[Material for this task Boundary: Start]

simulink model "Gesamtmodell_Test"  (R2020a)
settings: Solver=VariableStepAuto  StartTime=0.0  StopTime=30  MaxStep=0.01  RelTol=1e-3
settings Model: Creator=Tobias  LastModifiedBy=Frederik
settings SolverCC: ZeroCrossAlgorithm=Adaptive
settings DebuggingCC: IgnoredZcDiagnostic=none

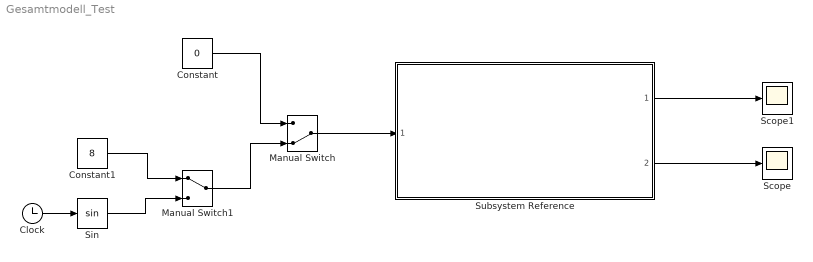
== system Gesamtmodell_Test ==
  Clock : Clock
  Constant : Constant  Value=0
  Constant1 : Constant  Value=8
  Manual Switch : ManualSwitch  CurrentSetting=0
  Manual Switch1 : ManualSwitch
  Scope : Scope
  Scope1 : Scope
  Sin : Trigonometry
  Subsystem Reference : Subsystem  ReferencedSubsystem=Gesamtmodell  ModellParameter=simparams.gesamtmodell
  wires:
  Constant/1 -> Manual Switch/1
  Subsystem Reference/2 -> Scope/1
  Subsystem Reference/1 -> Scope1/1
  Manual Switch/1 -> Subsystem Reference/1
  Manual Switch1/1 -> Manual Switch/2
  Constant1/1 -> Manual Switch1/1
  Sin/1 -> Manual Switch1/2
  Clock/1 -> Sin/1

[Material for this task Boundary: End]

The problem:
Copy the material verbatim. The pictures are not part of the copy.

Exercise response:
simulink model "Gesamtmodell_Test"  (R2020a)
settings: Solver=VariableStepAuto  StartTime=0.0  StopTime=30  MaxStep=0.01  RelTol=1e-3
settings Model: Creator=Tobias  LastModifiedBy=Frederik
settings SolverCC: ZeroCrossAlgorithm=Adaptive
settings DebuggingCC: IgnoredZcDiagnostic=none

== system Gesamtmodell_Test ==
  Clock : Clock
  Constant : Constant  Value=0
  Constant1 : Constant  Value=8
  Manual Switch : ManualSwitch  CurrentSetting=0
  Manual Switch1 : ManualSwitch
  Scope : Scope
  Scope1 : Scope
  Sin : Trigonometry
  Subsystem Reference : Subsystem  ReferencedSubsystem=Gesamtmodell  ModellParameter=simparams.gesamtmodell
  wires:
  Constant/1 -> Manual Switch/1
  Subsystem Reference/2 -> Scope/1
  Subsystem Reference/1 -> Scope1/1
  Manual Switch/1 -> Subsystem Reference/1
  Manual Switch1/1 -> Manual Switch/2
  Constant1/1 -> Manual Switch1/1
  Sin/1 -> Manual Switch1/2
  Clock/1 -> Sin/1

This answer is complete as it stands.